* [Records for this task]
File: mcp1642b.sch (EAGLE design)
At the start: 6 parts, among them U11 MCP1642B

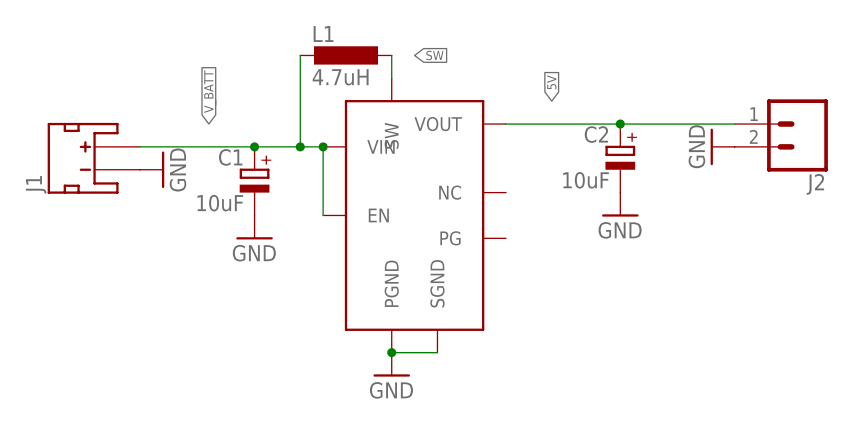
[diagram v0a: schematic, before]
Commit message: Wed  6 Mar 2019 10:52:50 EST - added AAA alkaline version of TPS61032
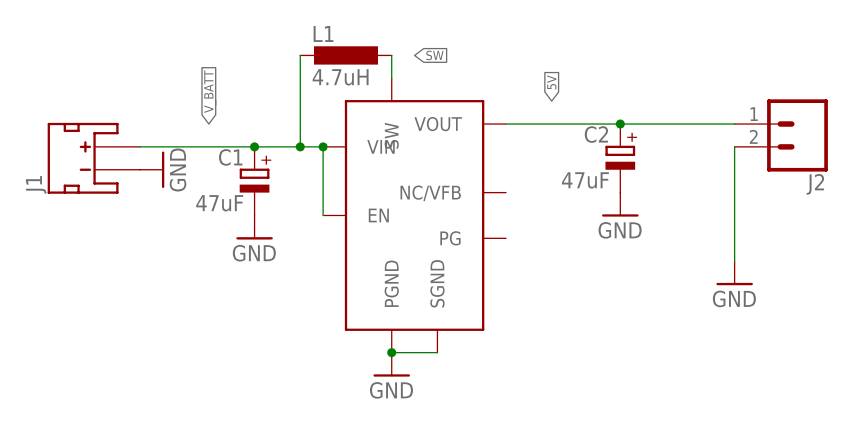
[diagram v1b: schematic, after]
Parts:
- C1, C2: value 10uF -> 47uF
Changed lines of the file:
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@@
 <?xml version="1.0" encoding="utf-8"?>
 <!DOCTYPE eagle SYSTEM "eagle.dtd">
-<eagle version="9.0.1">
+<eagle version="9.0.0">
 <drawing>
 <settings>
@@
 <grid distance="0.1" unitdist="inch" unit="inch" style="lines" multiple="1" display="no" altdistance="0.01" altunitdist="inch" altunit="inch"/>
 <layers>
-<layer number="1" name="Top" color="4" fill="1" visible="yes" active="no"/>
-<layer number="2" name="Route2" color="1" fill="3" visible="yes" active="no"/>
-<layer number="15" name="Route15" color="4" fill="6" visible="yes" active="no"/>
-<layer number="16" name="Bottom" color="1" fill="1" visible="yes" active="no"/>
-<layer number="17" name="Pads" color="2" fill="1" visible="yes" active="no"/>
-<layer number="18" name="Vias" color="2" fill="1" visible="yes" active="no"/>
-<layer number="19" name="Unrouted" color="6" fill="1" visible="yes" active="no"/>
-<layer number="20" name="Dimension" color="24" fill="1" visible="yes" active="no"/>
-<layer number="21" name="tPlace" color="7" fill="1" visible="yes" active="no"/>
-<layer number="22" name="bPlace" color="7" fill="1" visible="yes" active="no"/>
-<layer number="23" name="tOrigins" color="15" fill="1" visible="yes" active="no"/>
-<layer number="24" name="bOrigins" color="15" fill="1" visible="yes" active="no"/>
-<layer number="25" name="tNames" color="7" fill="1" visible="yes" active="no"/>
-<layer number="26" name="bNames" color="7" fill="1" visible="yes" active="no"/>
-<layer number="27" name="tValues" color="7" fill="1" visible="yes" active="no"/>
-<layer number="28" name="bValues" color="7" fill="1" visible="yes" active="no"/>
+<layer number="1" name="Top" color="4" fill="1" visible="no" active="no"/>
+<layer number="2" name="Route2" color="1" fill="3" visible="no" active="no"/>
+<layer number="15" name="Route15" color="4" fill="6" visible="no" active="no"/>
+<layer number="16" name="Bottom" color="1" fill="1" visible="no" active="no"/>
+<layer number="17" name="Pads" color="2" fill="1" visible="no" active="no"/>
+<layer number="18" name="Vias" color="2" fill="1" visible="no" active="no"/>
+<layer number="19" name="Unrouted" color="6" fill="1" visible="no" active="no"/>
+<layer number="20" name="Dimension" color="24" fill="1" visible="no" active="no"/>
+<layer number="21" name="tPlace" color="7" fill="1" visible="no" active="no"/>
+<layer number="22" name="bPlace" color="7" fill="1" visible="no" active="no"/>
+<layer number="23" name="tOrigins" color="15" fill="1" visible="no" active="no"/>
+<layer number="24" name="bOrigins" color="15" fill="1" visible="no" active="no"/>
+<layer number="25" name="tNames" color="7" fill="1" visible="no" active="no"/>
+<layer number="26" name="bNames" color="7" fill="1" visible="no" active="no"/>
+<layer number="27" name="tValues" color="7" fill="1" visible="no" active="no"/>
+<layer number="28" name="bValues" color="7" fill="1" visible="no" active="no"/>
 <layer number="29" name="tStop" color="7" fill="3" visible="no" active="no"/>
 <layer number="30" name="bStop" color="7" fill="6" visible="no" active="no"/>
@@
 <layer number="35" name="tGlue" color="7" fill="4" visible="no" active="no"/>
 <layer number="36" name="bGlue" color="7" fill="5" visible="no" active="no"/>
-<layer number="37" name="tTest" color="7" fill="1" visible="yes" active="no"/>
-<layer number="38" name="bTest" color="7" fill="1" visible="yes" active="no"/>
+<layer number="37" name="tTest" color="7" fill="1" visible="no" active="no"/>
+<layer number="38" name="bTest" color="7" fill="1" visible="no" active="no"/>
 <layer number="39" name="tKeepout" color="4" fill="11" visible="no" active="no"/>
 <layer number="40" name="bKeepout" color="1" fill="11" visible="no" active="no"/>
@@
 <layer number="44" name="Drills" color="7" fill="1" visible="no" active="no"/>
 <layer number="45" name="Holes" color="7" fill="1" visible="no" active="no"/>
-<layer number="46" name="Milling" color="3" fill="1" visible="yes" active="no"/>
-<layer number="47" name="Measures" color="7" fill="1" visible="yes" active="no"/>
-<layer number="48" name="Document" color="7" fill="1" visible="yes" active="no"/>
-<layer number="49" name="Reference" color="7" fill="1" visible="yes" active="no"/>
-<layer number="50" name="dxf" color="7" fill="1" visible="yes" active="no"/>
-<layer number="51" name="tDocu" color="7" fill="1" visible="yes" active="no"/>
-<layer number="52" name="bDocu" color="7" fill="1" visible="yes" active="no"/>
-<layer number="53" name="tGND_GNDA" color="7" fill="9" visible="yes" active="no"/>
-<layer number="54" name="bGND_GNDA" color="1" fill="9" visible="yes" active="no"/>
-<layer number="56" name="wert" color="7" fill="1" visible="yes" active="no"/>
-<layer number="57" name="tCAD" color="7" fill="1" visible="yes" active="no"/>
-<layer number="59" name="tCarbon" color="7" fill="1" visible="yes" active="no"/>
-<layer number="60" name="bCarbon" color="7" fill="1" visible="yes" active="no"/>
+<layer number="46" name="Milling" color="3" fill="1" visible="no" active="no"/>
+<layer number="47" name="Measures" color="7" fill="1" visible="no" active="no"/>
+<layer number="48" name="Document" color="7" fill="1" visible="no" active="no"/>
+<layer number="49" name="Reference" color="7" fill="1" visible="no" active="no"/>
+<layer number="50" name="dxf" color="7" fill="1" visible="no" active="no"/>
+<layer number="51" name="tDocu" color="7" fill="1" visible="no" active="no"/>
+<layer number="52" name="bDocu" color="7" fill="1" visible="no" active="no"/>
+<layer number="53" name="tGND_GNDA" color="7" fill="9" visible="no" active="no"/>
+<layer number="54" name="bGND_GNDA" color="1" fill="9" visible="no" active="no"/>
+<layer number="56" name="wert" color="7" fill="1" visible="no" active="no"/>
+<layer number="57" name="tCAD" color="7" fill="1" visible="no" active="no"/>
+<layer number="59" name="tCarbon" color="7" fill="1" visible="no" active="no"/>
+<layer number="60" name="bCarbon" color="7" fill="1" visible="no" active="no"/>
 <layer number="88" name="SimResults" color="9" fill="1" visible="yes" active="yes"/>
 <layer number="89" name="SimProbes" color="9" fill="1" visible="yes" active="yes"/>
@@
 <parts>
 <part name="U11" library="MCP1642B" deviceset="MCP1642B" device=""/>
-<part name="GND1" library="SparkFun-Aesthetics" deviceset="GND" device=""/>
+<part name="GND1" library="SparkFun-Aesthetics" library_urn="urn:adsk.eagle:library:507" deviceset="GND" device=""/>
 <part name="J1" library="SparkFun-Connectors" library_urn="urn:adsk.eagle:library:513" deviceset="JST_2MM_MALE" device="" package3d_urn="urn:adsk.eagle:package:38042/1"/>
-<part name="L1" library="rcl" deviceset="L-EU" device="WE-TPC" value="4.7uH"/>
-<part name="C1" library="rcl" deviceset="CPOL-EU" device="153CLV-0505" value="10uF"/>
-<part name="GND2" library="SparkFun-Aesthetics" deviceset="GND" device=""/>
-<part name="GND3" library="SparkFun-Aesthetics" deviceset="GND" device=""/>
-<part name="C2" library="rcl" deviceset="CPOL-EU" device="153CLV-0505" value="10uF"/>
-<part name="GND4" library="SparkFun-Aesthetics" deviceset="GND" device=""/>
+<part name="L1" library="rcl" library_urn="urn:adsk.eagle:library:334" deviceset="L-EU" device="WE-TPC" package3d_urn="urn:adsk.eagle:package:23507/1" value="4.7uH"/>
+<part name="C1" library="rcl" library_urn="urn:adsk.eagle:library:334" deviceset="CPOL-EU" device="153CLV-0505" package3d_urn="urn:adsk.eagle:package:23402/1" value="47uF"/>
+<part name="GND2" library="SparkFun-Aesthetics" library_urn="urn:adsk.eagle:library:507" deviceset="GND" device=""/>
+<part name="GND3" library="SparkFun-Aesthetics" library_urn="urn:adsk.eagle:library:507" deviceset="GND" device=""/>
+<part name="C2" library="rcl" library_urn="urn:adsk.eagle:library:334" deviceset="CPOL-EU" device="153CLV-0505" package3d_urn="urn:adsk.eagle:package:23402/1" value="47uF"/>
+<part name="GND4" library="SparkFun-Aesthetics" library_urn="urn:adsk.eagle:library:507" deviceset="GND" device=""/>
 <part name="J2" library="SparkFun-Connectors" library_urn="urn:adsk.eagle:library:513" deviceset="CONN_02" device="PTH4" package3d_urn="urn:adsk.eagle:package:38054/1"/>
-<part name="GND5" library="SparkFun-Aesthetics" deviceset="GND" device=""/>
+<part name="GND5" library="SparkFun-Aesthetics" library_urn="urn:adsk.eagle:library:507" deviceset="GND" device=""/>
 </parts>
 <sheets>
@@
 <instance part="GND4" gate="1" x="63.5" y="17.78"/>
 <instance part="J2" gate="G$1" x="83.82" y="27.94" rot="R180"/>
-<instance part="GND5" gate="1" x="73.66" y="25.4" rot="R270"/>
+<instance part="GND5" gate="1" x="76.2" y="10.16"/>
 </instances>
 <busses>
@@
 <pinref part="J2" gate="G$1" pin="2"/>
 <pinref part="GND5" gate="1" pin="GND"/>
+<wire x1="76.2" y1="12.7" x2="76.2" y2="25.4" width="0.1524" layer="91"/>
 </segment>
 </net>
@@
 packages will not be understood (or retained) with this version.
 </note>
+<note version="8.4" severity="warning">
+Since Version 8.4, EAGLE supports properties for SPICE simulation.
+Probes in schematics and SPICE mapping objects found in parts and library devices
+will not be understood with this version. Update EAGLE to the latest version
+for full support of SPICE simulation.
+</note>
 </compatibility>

* [Description of the task]
Find the lines that mention "will" in the entries and show them.

* [Task result]
 packages will not be understood (or retained) with this version.
+will not be understood with this version. Update EAGLE to the latest version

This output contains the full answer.